Längere Speicherfrist von Videomaterial: 96 Stunden Überwachung in Berlin
Der Berliner Senat möchte zukünftig Videomaterial der BVG doppelt so lange wie bisher speichern. Rechtliche Fragen bleiben offen.
Bei Straftaten und Unfällen sollen die Aufnahmen bei der Beweissicherung helfen. Obwohl die Speicherung und Auswertung der Aufnahmen strengen Datenschutzregeln unterliegt, äußert Klaus Lederer Zweifel. Durch die Einführung allgemeiner Videoüberwachung seien Menschen nicht vor Gewalt geschützt. „Bislang ist die Wirksamkeit und Effektivität der Videoüberwachung im ÖPNV nicht unabhängig evaluiert“, sagt Lederer. Über den entscheidenden Zusammenhang zwischen Anzeigeverhalten, dem Zeitpunkt der Anzeigen und realen Strafverfolgungsergebnissen einerseits und der Dauer der Speicherfrist andererseits scheine der Senat nichts Belastbares sagen zu können.
Wirksamkeit unklar
Aus der Anfrage ginge auch hervor, dass die sachliche Begründung des Senats für eine Verlängerung auf dünner Basis stehe, sagt Lederer. Da eine Verlängerung ein Eingriff in die Grundrechte darstellt, müsse diese gut legitimiert sein.
Derweil hofft der Senat, mit einer Kampagne, die Verwertbarkeit der Aufnahmen zu verbessern. „Dir bleiben nur 48 Stunden, Schlaf keine Nacht darüber“ so lautet die Botschaft der Kampagne, welche sich gezielt an queere Menschen richtet. Der Senat finanziert diese mit Restmitteln aus dem vergangenen Haushaltsjahr.
Die Kampagne war eine Empfehlung des runden Tisches „Schutz vor queerfeindlicher Hasskriminalität“ als eine Maßnahme, das Sicherheitsgefühl von queeren Menschen zu stärken.
Mit der Kampagne soll auf das kurze Zeitfenster aufmerksam gemacht werden, da die Erfahrung zeige, dass viele Menschen die Gewalt erst nach mehreren Tagen zur Anzeige bringen, heißt es in einer Anfrage.
Vorwurf der Symbolpolitik
Lederer sieht die Kampagne als „Symbolpolitik“. Ihm scheint es, als ob der Senat mit den realen Ängsten von queeren Menschen bewusst spiele, um weitere Grundrechtseinschränkungen vorzunehmen.

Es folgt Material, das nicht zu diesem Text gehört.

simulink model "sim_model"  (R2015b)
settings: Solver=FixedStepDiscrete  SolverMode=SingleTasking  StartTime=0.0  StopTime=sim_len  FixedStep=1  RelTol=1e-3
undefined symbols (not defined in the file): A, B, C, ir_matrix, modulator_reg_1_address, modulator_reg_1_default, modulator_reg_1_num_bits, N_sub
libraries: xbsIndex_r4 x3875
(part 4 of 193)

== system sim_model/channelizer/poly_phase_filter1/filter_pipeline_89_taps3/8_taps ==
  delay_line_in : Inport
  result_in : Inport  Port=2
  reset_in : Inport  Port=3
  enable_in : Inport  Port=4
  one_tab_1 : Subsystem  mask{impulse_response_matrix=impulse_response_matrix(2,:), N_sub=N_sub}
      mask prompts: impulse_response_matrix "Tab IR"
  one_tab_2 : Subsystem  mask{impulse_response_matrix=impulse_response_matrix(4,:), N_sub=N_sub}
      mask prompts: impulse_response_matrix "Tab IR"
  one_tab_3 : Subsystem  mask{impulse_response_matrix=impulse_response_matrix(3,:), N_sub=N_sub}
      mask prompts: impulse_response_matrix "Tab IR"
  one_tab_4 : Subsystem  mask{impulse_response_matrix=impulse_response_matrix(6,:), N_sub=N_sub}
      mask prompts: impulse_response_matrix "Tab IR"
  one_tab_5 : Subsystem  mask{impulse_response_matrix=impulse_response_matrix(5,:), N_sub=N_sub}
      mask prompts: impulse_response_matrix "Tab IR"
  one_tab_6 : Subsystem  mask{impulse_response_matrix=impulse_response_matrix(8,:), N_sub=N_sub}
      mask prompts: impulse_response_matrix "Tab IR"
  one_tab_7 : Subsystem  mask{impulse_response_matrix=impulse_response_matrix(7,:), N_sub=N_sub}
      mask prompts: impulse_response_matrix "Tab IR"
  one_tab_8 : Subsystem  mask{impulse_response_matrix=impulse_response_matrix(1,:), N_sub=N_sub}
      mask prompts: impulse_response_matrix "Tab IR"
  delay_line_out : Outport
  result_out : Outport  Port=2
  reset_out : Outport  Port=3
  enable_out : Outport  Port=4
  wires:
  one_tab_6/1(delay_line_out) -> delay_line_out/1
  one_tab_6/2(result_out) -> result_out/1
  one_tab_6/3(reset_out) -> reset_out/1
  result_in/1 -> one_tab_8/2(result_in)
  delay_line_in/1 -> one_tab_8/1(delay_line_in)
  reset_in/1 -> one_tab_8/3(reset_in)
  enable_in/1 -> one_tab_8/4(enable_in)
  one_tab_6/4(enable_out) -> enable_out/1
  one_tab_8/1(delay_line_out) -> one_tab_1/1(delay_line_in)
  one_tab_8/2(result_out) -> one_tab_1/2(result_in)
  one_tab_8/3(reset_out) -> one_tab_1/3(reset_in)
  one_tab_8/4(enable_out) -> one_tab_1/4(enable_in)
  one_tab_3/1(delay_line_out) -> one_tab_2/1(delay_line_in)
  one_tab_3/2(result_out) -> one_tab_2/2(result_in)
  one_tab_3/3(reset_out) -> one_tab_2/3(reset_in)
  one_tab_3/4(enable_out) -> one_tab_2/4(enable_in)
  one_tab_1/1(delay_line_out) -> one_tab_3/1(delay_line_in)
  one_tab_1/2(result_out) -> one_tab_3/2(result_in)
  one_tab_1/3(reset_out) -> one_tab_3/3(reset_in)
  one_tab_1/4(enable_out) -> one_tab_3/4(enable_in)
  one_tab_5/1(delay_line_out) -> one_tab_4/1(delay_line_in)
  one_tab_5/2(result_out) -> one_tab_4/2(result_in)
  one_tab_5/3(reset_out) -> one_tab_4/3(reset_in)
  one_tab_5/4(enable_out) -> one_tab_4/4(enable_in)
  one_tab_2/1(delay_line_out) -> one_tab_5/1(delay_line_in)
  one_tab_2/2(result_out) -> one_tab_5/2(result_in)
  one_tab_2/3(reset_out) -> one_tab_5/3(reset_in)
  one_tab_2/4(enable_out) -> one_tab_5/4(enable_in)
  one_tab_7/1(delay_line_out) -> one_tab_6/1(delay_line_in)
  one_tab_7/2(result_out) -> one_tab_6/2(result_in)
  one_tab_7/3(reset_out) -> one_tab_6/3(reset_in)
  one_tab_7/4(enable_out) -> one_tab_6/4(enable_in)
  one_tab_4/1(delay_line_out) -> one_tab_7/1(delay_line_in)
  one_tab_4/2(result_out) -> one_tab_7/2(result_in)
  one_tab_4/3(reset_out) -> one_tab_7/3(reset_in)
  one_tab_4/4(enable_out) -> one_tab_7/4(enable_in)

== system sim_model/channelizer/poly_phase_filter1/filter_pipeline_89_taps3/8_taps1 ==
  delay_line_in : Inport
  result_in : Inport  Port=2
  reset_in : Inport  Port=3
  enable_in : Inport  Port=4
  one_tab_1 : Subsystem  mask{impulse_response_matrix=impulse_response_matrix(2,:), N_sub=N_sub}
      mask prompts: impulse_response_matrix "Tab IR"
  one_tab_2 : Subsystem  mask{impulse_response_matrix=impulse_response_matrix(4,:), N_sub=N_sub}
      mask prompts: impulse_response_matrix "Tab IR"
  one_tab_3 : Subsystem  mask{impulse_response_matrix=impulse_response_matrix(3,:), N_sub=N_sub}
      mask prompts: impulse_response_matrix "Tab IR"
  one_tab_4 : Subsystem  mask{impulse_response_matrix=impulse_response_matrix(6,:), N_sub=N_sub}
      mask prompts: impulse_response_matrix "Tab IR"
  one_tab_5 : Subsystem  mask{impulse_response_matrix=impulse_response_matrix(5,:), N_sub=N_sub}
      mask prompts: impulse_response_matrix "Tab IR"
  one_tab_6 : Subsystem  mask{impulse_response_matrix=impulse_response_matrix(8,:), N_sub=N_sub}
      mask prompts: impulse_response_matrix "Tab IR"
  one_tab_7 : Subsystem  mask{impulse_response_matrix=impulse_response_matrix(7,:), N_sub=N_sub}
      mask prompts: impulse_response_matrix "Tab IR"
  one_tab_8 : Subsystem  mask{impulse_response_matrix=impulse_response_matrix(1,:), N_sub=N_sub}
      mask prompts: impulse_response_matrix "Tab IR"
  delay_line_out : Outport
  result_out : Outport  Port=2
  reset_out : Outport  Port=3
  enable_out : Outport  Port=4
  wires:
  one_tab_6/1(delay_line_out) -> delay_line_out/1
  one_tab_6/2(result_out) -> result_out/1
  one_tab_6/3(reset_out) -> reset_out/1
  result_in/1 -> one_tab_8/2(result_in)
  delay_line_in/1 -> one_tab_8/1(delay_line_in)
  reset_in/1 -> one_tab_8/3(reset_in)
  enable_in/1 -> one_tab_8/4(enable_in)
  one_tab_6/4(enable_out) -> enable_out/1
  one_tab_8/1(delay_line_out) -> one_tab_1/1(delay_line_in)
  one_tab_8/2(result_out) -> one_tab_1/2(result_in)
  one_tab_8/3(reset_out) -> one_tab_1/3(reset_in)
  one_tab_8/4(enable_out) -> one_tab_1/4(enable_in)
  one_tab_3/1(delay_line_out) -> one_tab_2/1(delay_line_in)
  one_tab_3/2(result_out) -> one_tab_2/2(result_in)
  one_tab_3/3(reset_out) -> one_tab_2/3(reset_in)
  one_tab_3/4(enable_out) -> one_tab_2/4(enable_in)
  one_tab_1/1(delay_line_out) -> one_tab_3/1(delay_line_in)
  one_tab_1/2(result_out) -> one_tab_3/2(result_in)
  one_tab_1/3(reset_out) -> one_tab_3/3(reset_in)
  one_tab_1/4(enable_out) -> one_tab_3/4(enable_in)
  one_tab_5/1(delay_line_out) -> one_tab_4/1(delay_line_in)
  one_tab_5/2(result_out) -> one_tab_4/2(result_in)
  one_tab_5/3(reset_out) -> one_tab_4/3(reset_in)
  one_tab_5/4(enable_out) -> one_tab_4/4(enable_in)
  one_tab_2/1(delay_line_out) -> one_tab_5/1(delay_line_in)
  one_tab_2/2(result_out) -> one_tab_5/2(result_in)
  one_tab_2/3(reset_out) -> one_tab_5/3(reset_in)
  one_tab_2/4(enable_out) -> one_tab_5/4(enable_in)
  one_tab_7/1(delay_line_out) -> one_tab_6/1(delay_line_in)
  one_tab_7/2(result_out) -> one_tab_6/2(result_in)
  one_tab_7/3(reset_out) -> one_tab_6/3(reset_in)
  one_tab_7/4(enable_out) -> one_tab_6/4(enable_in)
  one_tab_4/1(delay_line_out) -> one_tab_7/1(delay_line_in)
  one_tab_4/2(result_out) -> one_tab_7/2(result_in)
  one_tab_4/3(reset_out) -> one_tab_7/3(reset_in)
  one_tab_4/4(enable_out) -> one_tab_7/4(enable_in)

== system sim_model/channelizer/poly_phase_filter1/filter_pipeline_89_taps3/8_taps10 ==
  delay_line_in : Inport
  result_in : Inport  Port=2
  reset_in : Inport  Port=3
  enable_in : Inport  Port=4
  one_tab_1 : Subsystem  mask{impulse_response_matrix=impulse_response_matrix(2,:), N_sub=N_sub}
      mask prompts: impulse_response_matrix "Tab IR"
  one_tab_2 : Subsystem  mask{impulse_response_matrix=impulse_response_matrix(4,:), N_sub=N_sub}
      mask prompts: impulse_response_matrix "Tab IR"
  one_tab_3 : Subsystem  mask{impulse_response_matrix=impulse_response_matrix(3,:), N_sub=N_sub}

Statt auf den rechtlich fragwürdigen Ausbau der Videoüberwachung solle sich der Senat mehr auf Präventionsarbeit fokussieren. „Wir wissen, was im präventiven Bereich getan werden müsste. Wir wissen auch, dass die Polizei den Weg weitergehen muss, ihre Strategien und Strukturen mit Blick auf den Schutz queerer Menschen auszurichten.“ sagt der ehemalige Kultursenator.
Ein Beispiel, bei dem ein längeres Zeitfenster für die Sicherung des Videomaterials auch sinnvoll sein kann, ist der Fall von Zefanias M. Er wurde Ende 2019 von Polizeibeamt:innen über neun Minuten lang in einer Kniefixierung im U-Bahnhof Herrmannstraße gehalten.
Auf Hinweis eines Freundes, der bei der Polizei arbeitet, beantragte M. die Sicherung der Filmbänder bei der BVG, da er sonst keine Möglichkeit hätte, gerichtlich gegen die Polizist:innen vorzugehen. Die Videobänder bilden einen zentralen Teil im Gerichtsprozess, den Zefanias M. gegen das Land Berlin eröffnet hat.